HTML5 8-Bit Snake Game (with Commented Source and Sounds) - kushsolitary
http://cssdeck.com/item/preview/624/classic-snake-game-with-html-canvas#full

======
usea
Doesn't work at all in Opera (12.00, Win7) or IE 9. Console is full of
javascript errors. -MooTools is undefined in mootools-more.min.js (line 13)
-Class is undefined in Preloader.min.js (line 11) -Uncaught exception:
ReferenceError: Security error: attempted to read protected variable in
jquery.js (line 3)

------
kombine
There is a noticeable lag between a keypress and the snake turning. Makes it
very unpleasant to play.

------
gwillen
In Chrome under OS X, the walls are invisible. (It seems like they might be
supposed to be the window edges, but they're offset by an unknown and
invisible amount from there.)

So that makes it less fun.

------
Zimahl
This is a pretty sweet demo.
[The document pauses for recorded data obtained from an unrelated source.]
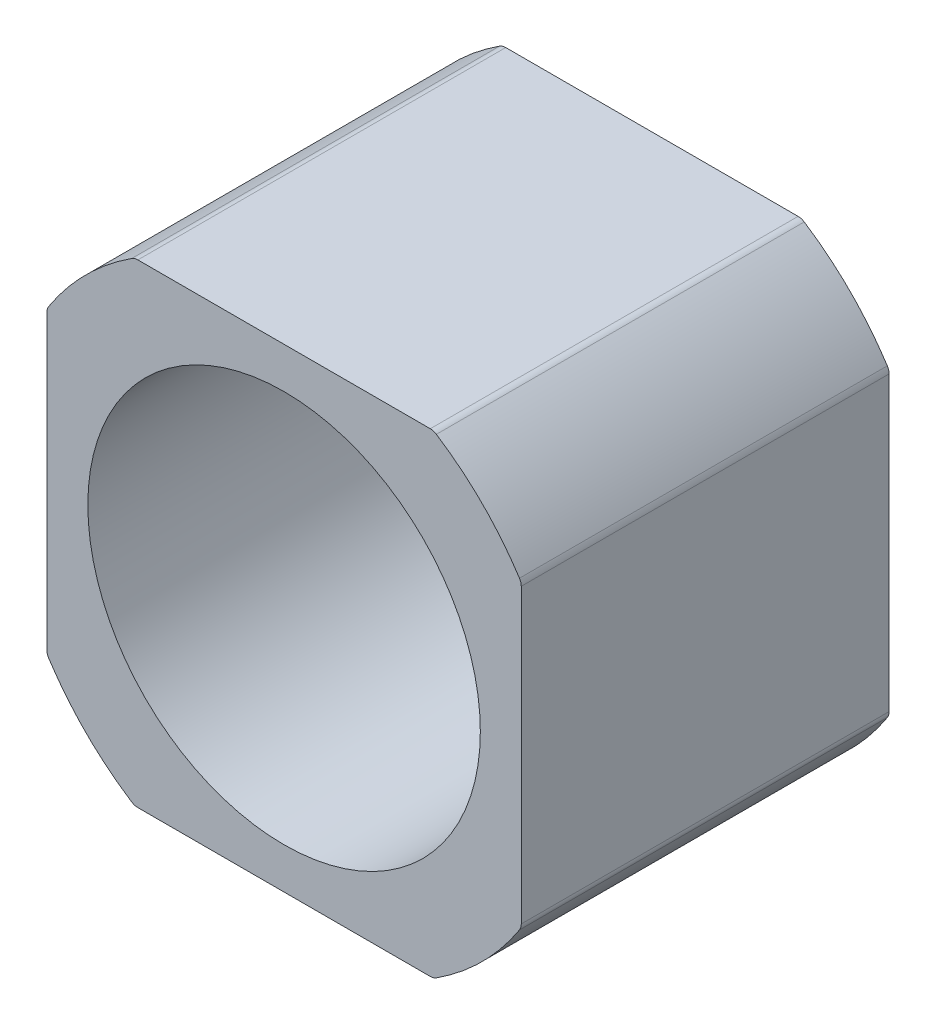
ISO-10303-21;
HEADER;
FILE_DESCRIPTION(('STEP AP214'),'2;1');
FILE_NAME('part.step','',(''),(''),'','','');
FILE_SCHEMA(('AUTOMOTIVE_DESIGN { 1 0 10303 214 1 1 1 1 }'));
ENDSEC;
DATA;
#1=APPLICATION_CONTEXT('core data for automotive mechanical design processes');
#2=APPLICATION_PROTOCOL_DEFINITION('international standard','automotive_design',2000,#1);
#3=PRODUCT_CONTEXT('',#1,'mechanical');
#4=PRODUCT('Part','Part','',(#3));
#5=PRODUCT_RELATED_PRODUCT_CATEGORY('part','',(#4));
#6=PRODUCT_DEFINITION_FORMATION('','',#4);
#7=PRODUCT_DEFINITION_CONTEXT('part definition',#1,'design');
#8=PRODUCT_DEFINITION('design','',#6,#7);
#9=PRODUCT_DEFINITION_SHAPE('','',#8);
#10=(LENGTH_UNIT() NAMED_UNIT(*) SI_UNIT(.MILLI.,.METRE.));
#11=(NAMED_UNIT(*) PLANE_ANGLE_UNIT() SI_UNIT($,.RADIAN.));
#12=(NAMED_UNIT(*) SI_UNIT($,.STERADIAN.) SOLID_ANGLE_UNIT());
#13=UNCERTAINTY_MEASURE_WITH_UNIT(LENGTH_MEASURE(1.E-05),#10,'distance_accuracy_value','');
#14=(GEOMETRIC_REPRESENTATION_CONTEXT(3) GLOBAL_UNCERTAINTY_ASSIGNED_CONTEXT((#13)) GLOBAL_UNIT_ASSIGNED_CONTEXT((#10,
#11,#12)) REPRESENTATION_CONTEXT('',''));
#15=CARTESIAN_POINT('',(0.,0.,0.));
#16=DIRECTION('',(0.,0.,1.));
#17=DIRECTION('',(1.,0.,0.));
#18=AXIS2_PLACEMENT_3D('',#15,#16,#17);
#19=CARTESIAN_POINT('',(21.15,21.15,32.8));
#20=DIRECTION('',(-1.,0.,0.));
#21=DIRECTION('',(0.,-1.,0.));
#22=AXIS2_PLACEMENT_3D('',#19,#20,#21);
#23=PLANE('',#22);
#24=DIRECTION('',(0.,1.,0.));
#25=VECTOR('',#24,1.);
#26=CARTESIAN_POINT('',(21.15,21.15,32.8));
#27=LINE('',#26,#25);
#28=CARTESIAN_POINT('',(21.15,-13.0375419462412,32.8));
#29=VERTEX_POINT('',#28);
#30=CARTESIAN_POINT('',(21.15,13.0375419462412,32.8));
#31=VERTEX_POINT('',#30);
#32=EDGE_CURVE('E225',#29,#31,#27,.T.);
#33=ORIENTED_EDGE('',*,*,#32,.F.);
#34=DIRECTION('',(0.,0.,-1.));
#35=VECTOR('',#34,1.);
#36=CARTESIAN_POINT('',(21.15,-13.0375419462412,0.));
#37=LINE('',#36,#35);
#38=CARTESIAN_POINT('',(21.15,-13.0375419462412,0.));
#39=VERTEX_POINT('',#38);
#40=EDGE_CURVE('E308',#29,#39,#37,.T.);
#41=ORIENTED_EDGE('',*,*,#40,.T.);
#42=DIRECTION('',(0.,1.,0.));
#43=VECTOR('',#42,1.);
#44=CARTESIAN_POINT('',(21.15,21.15,0.));
#45=LINE('',#44,#43);
#46=CARTESIAN_POINT('',(21.15,13.0375419462412,0.));
#47=VERTEX_POINT('',#46);
#48=EDGE_CURVE('E211',#39,#47,#45,.T.);
#49=ORIENTED_EDGE('',*,*,#48,.T.);
#50=DIRECTION('',(0.,0.,-1.));
#51=VECTOR('',#50,1.);
#52=CARTESIAN_POINT('',(21.15,13.0375419462412,32.8));
#53=LINE('',#52,#51);
#54=EDGE_CURVE('E305',#47,#31,#53,.F.);
#55=ORIENTED_EDGE('',*,*,#54,.T.);
#56=EDGE_LOOP('',(#33,#41,#49,#55));
#57=FACE_BOUND('',#56,.T.);
#58=ADVANCED_FACE('F39',(#57),#23,.F.);
#59=CARTESIAN_POINT('',(-21.15,21.15,32.8));
#60=DIRECTION('',(0.,-1.,0.));
#61=DIRECTION('',(1.,0.,0.));
#62=AXIS2_PLACEMENT_3D('',#59,#60,#61);
#63=PLANE('',#62);
#64=DIRECTION('',(-1.,0.,0.));
#65=VECTOR('',#64,1.);
#66=CARTESIAN_POINT('',(-21.15,21.15,0.));
#67=LINE('',#66,#65);
#68=CARTESIAN_POINT('',(13.0375419462413,21.15,0.));
#69=VERTEX_POINT('',#68);
#70=CARTESIAN_POINT('',(-13.0375419462413,21.15,0.));
#71=VERTEX_POINT('',#70);
#72=EDGE_CURVE('E215',#69,#71,#67,.T.);
#73=ORIENTED_EDGE('',*,*,#72,.T.);
#74=DIRECTION('',(0.,0.,-1.));
#75=VECTOR('',#74,1.);
#76=CARTESIAN_POINT('',(-13.0375419462413,21.15,32.8));
#77=LINE('',#76,#75);
#78=CARTESIAN_POINT('',(-13.0375419462413,21.15,32.8));
#79=VERTEX_POINT('',#78);
#80=EDGE_CURVE('E161',#71,#79,#77,.F.);
#81=ORIENTED_EDGE('',*,*,#80,.T.);
#82=DIRECTION('',(-1.,0.,0.));
#83=VECTOR('',#82,1.);
#84=CARTESIAN_POINT('',(-21.15,21.15,32.8));
#85=LINE('',#84,#83);
#86=CARTESIAN_POINT('',(13.0375419462413,21.15,32.8));
#87=VERTEX_POINT('',#86);
#88=EDGE_CURVE('E207',#87,#79,#85,.T.);
#89=ORIENTED_EDGE('',*,*,#88,.F.);
#90=DIRECTION('',(0.,0.,-1.));
#91=VECTOR('',#90,1.);
#92=CARTESIAN_POINT('',(13.0375419462413,21.15,0.));
#93=LINE('',#92,#91);
#94=EDGE_CURVE('E167',#87,#69,#93,.T.);
#95=ORIENTED_EDGE('',*,*,#94,.T.);
#96=EDGE_LOOP('',(#73,#81,#89,#95));
#97=FACE_BOUND('',#96,.T.);
#98=ADVANCED_FACE('F375',(#97),#63,.F.);
#99=CARTESIAN_POINT('',(-21.15,21.15,32.8));
#100=DIRECTION('',(1.,0.,0.));
#101=DIRECTION('',(0.,0.,-1.));
#102=AXIS2_PLACEMENT_3D('',#99,#100,#101);
#103=PLANE('',#102);
#104=DIRECTION('',(0.,-1.,0.));
#105=VECTOR('',#104,1.);
#106=CARTESIAN_POINT('',(-21.15,21.15,32.8));
#107=LINE('',#106,#105);
#108=CARTESIAN_POINT('',(-21.15,13.0375419462413,32.8));
#109=VERTEX_POINT('',#108);
#110=CARTESIAN_POINT('',(-21.15,-13.0375419462413,32.8));
#111=VERTEX_POINT('',#110);
#112=EDGE_CURVE('E202',#109,#111,#107,.T.);
#113=ORIENTED_EDGE('',*,*,#112,.F.);
#114=DIRECTION('',(0.,0.,-1.));
#115=VECTOR('',#114,1.);
#116=CARTESIAN_POINT('',(-21.15,13.0375419462413,0.));
#117=LINE('',#116,#115);
#118=CARTESIAN_POINT('',(-21.15,13.0375419462413,0.));
#119=VERTEX_POINT('',#118);
#120=EDGE_CURVE('E277',#109,#119,#117,.T.);
#121=ORIENTED_EDGE('',*,*,#120,.T.);
#122=DIRECTION('',(0.,-1.,0.));
#123=VECTOR('',#122,1.);
#124=CARTESIAN_POINT('',(-21.15,21.15,0.));
#125=LINE('',#124,#123);
#126=CARTESIAN_POINT('',(-21.15,-13.0375419462413,0.));
#127=VERTEX_POINT('',#126);
#128=EDGE_CURVE('E219',#119,#127,#125,.T.);
#129=ORIENTED_EDGE('',*,*,#128,.T.);
#130=DIRECTION('',(0.,0.,-1.));
#131=VECTOR('',#130,1.);
#132=CARTESIAN_POINT('',(-21.15,-13.0375419462413,32.8));
#133=LINE('',#132,#131);
#134=EDGE_CURVE('E272',#127,#111,#133,.F.);
#135=ORIENTED_EDGE('',*,*,#134,.T.);
#136=EDGE_LOOP('',(#113,#121,#129,#135));
#137=FACE_BOUND('',#136,.T.);
#138=ADVANCED_FACE('F377',(#137),#103,.F.);
#139=CARTESIAN_POINT('',(-21.15,-21.15,32.8));
#140=DIRECTION('',(0.,1.,0.));
#141=DIRECTION('',(0.,0.,1.));
#142=AXIS2_PLACEMENT_3D('',#139,#140,#141);
#143=PLANE('',#142);
#144=DIRECTION('',(1.,0.,0.));
#145=VECTOR('',#144,1.);
#146=CARTESIAN_POINT('',(-21.15,-21.15,32.8));
#147=LINE('',#146,#145);
#148=CARTESIAN_POINT('',(-13.0375419462412,-21.15,32.8));
#149=VERTEX_POINT('',#148);
#150=CARTESIAN_POINT('',(13.0375419462412,-21.15,32.8));
#151=VERTEX_POINT('',#150);
#152=EDGE_CURVE('E197',#149,#151,#147,.T.);
#153=ORIENTED_EDGE('',*,*,#152,.F.);
#154=DIRECTION('',(0.,0.,-1.));
#155=VECTOR('',#154,1.);
#156=CARTESIAN_POINT('',(-13.0375419462412,-21.15,0.));
#157=LINE('',#156,#155);
#158=CARTESIAN_POINT('',(-13.0375419462412,-21.15,0.));
#159=VERTEX_POINT('',#158);
#160=EDGE_CURVE('E296',#149,#159,#157,.T.);
#161=ORIENTED_EDGE('',*,*,#160,.T.);
#162=DIRECTION('',(1.,0.,0.));
#163=VECTOR('',#162,1.);
#164=CARTESIAN_POINT('',(-21.15,-21.15,0.));
#165=LINE('',#164,#163);
#166=CARTESIAN_POINT('',(13.0375419462412,-21.15,0.));
#167=VERTEX_POINT('',#166);
#168=EDGE_CURVE('E222',#159,#167,#165,.T.);
#169=ORIENTED_EDGE('',*,*,#168,.T.);
#170=DIRECTION('',(0.,0.,-1.));
#171=VECTOR('',#170,1.);
#172=CARTESIAN_POINT('',(13.0375419462412,-21.15,32.8));
#173=LINE('',#172,#171);
#174=EDGE_CURVE('E293',#167,#151,#173,.F.);
#175=ORIENTED_EDGE('',*,*,#174,.T.);
#176=EDGE_LOOP('',(#153,#161,#169,#175));
#177=FACE_BOUND('',#176,.T.);
#178=ADVANCED_FACE('F263',(#177),#143,.F.);
#179=CARTESIAN_POINT('',(0.,0.,32.8));
#180=DIRECTION('',(0.,0.,1.));
#181=DIRECTION('',(1.,0.,0.));
#182=AXIS2_PLACEMENT_3D('',#179,#180,#181);
#183=PLANE('',#182);
#184=CARTESIAN_POINT('',(0.,0.,32.8));
#185=DIRECTION('',(0.,0.,1.));
#186=DIRECTION('',(1.,0.,0.));
#187=AXIS2_PLACEMENT_3D('',#184,#185,#186);
#188=CIRCLE('',#187,17.5);
#189=CARTESIAN_POINT('',(17.5,0.,32.8));
#190=VERTEX_POINT('',#189);
#191=EDGE_CURVE('E246',#190,#190,#188,.T.);
#192=ORIENTED_EDGE('',*,*,#191,.F.);
#193=EDGE_LOOP('',(#192));
#194=FACE_BOUND('',#193,.T.);
#195=ORIENTED_EDGE('',*,*,#88,.T.);
#196=CARTESIAN_POINT('',(-13.0375419462413,20.15,32.8));
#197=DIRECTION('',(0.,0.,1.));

It worked well for me in Chrome, smooth and
responsive.

I have an underlying worry about the significance of HTML5 when it comes to
gaming. Since it's all JS and CSS, how are developers going to protect their
work? Isn't it going to be very easy for me to simply steal all your code and
resources? It's one thing if this is just Snake, it's another if this is
something more significant.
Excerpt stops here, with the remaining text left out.